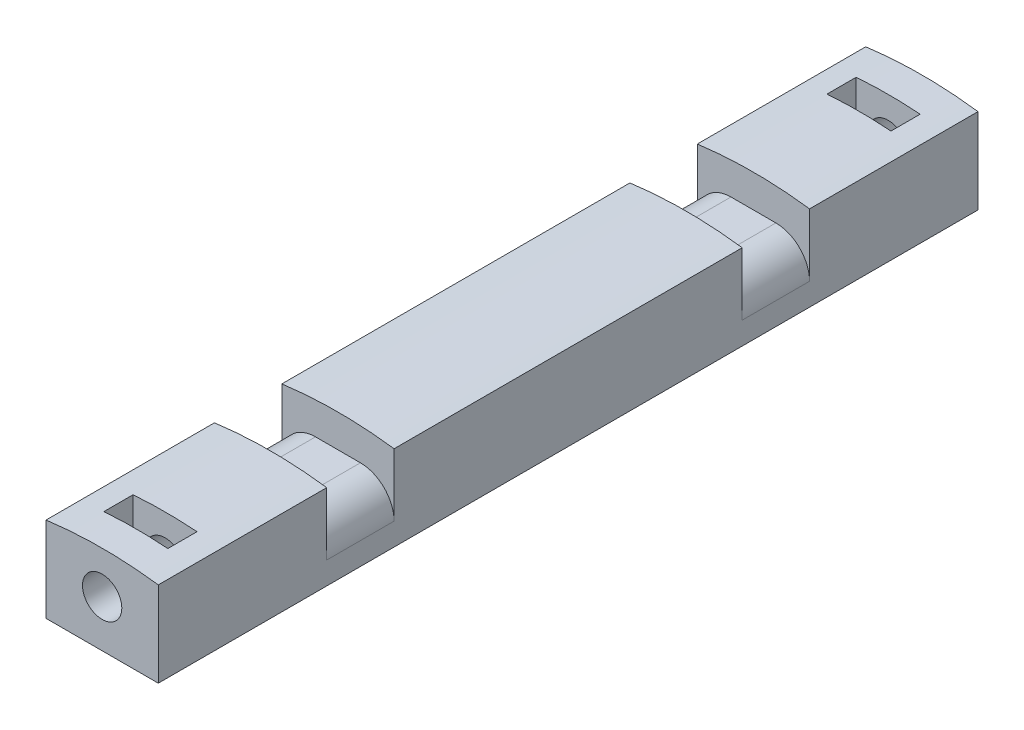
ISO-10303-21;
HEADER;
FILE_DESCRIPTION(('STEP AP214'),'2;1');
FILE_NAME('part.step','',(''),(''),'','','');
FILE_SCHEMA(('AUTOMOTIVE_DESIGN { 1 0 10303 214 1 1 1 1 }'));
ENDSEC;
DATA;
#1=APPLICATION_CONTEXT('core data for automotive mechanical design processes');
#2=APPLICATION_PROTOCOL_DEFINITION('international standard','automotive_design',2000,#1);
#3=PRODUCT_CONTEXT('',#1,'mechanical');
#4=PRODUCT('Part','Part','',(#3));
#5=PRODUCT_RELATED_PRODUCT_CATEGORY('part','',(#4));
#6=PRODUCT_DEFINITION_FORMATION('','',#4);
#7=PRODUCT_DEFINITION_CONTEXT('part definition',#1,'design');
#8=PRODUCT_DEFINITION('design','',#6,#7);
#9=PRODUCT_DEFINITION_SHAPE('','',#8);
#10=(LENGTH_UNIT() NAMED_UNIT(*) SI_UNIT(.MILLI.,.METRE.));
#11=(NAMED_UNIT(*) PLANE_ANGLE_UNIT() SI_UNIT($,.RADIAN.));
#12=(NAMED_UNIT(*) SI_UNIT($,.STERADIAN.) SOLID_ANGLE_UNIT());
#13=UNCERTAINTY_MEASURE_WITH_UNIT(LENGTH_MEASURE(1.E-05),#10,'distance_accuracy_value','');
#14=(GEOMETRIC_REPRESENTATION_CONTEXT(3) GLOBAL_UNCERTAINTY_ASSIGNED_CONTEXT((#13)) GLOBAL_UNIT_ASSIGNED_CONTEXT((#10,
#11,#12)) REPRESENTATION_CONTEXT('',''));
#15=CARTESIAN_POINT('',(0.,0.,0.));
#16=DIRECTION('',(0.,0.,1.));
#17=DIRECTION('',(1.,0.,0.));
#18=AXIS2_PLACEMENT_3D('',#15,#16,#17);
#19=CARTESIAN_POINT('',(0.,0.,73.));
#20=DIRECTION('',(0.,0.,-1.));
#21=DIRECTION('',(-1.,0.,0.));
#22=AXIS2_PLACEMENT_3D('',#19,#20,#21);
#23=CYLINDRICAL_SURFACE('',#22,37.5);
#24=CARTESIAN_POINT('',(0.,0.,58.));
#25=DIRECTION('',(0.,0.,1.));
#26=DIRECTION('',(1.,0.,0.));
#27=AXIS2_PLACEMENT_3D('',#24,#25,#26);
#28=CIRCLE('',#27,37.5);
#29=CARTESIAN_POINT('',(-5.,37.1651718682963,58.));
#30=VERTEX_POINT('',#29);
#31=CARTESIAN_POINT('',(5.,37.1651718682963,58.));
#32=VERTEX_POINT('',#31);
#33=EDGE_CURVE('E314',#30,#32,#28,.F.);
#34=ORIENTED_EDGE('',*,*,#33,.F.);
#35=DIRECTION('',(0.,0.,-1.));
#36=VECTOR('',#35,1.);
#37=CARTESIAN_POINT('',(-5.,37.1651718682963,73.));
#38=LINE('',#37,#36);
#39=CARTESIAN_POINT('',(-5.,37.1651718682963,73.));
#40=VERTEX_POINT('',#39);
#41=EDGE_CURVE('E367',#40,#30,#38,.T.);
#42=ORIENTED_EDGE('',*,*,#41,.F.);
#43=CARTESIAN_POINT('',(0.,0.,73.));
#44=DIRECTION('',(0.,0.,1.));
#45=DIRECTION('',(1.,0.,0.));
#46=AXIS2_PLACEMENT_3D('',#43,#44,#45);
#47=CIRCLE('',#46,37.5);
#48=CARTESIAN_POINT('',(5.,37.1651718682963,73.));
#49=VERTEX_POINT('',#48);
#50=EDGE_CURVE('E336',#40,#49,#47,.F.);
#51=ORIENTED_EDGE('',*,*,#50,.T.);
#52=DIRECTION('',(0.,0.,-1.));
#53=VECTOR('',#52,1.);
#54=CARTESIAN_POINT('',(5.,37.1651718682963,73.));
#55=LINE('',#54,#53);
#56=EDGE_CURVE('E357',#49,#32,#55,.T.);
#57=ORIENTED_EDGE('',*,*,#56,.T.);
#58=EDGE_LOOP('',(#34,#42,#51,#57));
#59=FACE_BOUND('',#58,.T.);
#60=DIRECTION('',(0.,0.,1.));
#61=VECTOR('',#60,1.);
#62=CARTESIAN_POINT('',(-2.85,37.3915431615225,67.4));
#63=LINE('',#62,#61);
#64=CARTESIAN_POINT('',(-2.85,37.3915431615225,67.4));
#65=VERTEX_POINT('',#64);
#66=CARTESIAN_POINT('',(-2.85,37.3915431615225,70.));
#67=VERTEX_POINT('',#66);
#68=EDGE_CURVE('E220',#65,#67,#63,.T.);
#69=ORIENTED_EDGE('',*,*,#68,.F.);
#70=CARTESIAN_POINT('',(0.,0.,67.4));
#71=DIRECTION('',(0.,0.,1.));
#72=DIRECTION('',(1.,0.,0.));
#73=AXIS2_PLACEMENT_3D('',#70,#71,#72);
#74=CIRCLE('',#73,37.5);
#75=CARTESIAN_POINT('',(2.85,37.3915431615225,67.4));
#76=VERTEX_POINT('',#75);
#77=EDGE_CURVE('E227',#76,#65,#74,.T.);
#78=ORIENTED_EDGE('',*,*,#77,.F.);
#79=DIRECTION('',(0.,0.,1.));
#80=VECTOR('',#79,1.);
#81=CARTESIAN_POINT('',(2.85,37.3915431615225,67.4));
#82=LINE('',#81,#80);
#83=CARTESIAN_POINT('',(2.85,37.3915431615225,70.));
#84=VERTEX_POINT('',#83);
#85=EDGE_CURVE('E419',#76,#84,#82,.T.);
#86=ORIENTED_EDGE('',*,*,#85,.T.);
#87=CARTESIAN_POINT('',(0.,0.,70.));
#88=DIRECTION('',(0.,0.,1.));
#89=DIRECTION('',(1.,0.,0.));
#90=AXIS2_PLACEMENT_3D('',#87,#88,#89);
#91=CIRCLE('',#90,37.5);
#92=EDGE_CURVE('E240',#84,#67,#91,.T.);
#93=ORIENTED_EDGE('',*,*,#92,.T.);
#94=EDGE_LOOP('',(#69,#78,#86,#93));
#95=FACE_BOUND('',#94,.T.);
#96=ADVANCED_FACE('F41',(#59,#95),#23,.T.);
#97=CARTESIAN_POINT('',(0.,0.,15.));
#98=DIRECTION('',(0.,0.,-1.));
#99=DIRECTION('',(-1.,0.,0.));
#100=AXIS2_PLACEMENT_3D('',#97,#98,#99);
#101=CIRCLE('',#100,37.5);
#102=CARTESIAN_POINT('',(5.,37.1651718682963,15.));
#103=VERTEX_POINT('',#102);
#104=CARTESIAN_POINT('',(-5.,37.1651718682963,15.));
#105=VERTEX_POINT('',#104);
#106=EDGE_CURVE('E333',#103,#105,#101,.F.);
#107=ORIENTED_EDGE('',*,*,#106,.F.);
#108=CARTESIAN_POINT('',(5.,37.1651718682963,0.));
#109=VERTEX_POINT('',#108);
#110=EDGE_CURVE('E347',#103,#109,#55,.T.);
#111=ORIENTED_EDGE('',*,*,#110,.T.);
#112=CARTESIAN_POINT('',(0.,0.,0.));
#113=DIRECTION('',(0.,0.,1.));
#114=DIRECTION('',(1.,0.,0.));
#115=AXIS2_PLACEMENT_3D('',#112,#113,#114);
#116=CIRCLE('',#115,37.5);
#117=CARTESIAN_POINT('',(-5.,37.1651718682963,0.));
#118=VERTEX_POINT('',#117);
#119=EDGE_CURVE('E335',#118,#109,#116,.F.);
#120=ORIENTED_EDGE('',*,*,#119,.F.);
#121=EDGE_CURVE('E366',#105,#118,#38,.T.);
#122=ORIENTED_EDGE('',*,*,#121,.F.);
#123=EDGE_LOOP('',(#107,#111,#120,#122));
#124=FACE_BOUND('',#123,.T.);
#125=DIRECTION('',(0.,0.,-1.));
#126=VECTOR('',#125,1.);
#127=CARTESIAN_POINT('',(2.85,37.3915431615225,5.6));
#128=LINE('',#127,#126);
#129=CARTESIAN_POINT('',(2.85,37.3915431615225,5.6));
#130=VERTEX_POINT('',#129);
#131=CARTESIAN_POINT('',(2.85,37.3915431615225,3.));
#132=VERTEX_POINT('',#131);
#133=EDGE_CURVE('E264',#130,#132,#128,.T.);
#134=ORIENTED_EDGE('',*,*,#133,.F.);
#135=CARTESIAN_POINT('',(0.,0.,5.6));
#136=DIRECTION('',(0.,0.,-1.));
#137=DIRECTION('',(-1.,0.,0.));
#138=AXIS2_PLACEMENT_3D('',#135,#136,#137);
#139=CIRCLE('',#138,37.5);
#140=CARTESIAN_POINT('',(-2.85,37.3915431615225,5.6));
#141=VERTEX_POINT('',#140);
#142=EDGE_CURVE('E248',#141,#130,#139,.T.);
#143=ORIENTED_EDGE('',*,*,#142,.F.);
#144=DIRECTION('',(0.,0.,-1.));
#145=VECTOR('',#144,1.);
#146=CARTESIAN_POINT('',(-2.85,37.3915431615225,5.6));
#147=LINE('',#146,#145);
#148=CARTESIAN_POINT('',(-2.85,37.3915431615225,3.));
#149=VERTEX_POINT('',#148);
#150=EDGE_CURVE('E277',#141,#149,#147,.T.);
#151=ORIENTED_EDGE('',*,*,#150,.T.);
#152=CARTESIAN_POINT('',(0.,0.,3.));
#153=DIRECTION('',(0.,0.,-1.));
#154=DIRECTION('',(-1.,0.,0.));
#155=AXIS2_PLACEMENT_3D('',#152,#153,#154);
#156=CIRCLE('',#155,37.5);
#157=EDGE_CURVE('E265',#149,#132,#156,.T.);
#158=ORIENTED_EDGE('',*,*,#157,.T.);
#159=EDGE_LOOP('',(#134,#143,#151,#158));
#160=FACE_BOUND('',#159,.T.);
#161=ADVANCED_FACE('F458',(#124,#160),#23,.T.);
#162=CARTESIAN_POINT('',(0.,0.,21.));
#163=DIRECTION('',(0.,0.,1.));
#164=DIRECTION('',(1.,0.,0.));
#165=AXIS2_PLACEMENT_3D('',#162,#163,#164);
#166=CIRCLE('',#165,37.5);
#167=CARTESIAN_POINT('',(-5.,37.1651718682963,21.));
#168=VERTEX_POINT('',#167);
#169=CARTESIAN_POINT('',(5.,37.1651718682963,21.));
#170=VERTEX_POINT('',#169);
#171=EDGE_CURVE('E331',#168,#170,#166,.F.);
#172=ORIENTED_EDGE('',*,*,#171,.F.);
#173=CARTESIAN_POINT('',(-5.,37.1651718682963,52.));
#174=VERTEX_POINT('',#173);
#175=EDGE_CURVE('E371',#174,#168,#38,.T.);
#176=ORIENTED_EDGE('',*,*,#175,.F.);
☆ ☆ ☆ ☆ ☆ ☆ ☆
Say how many lines in the records hold the string "CIRCLE", please, and add no other words.

9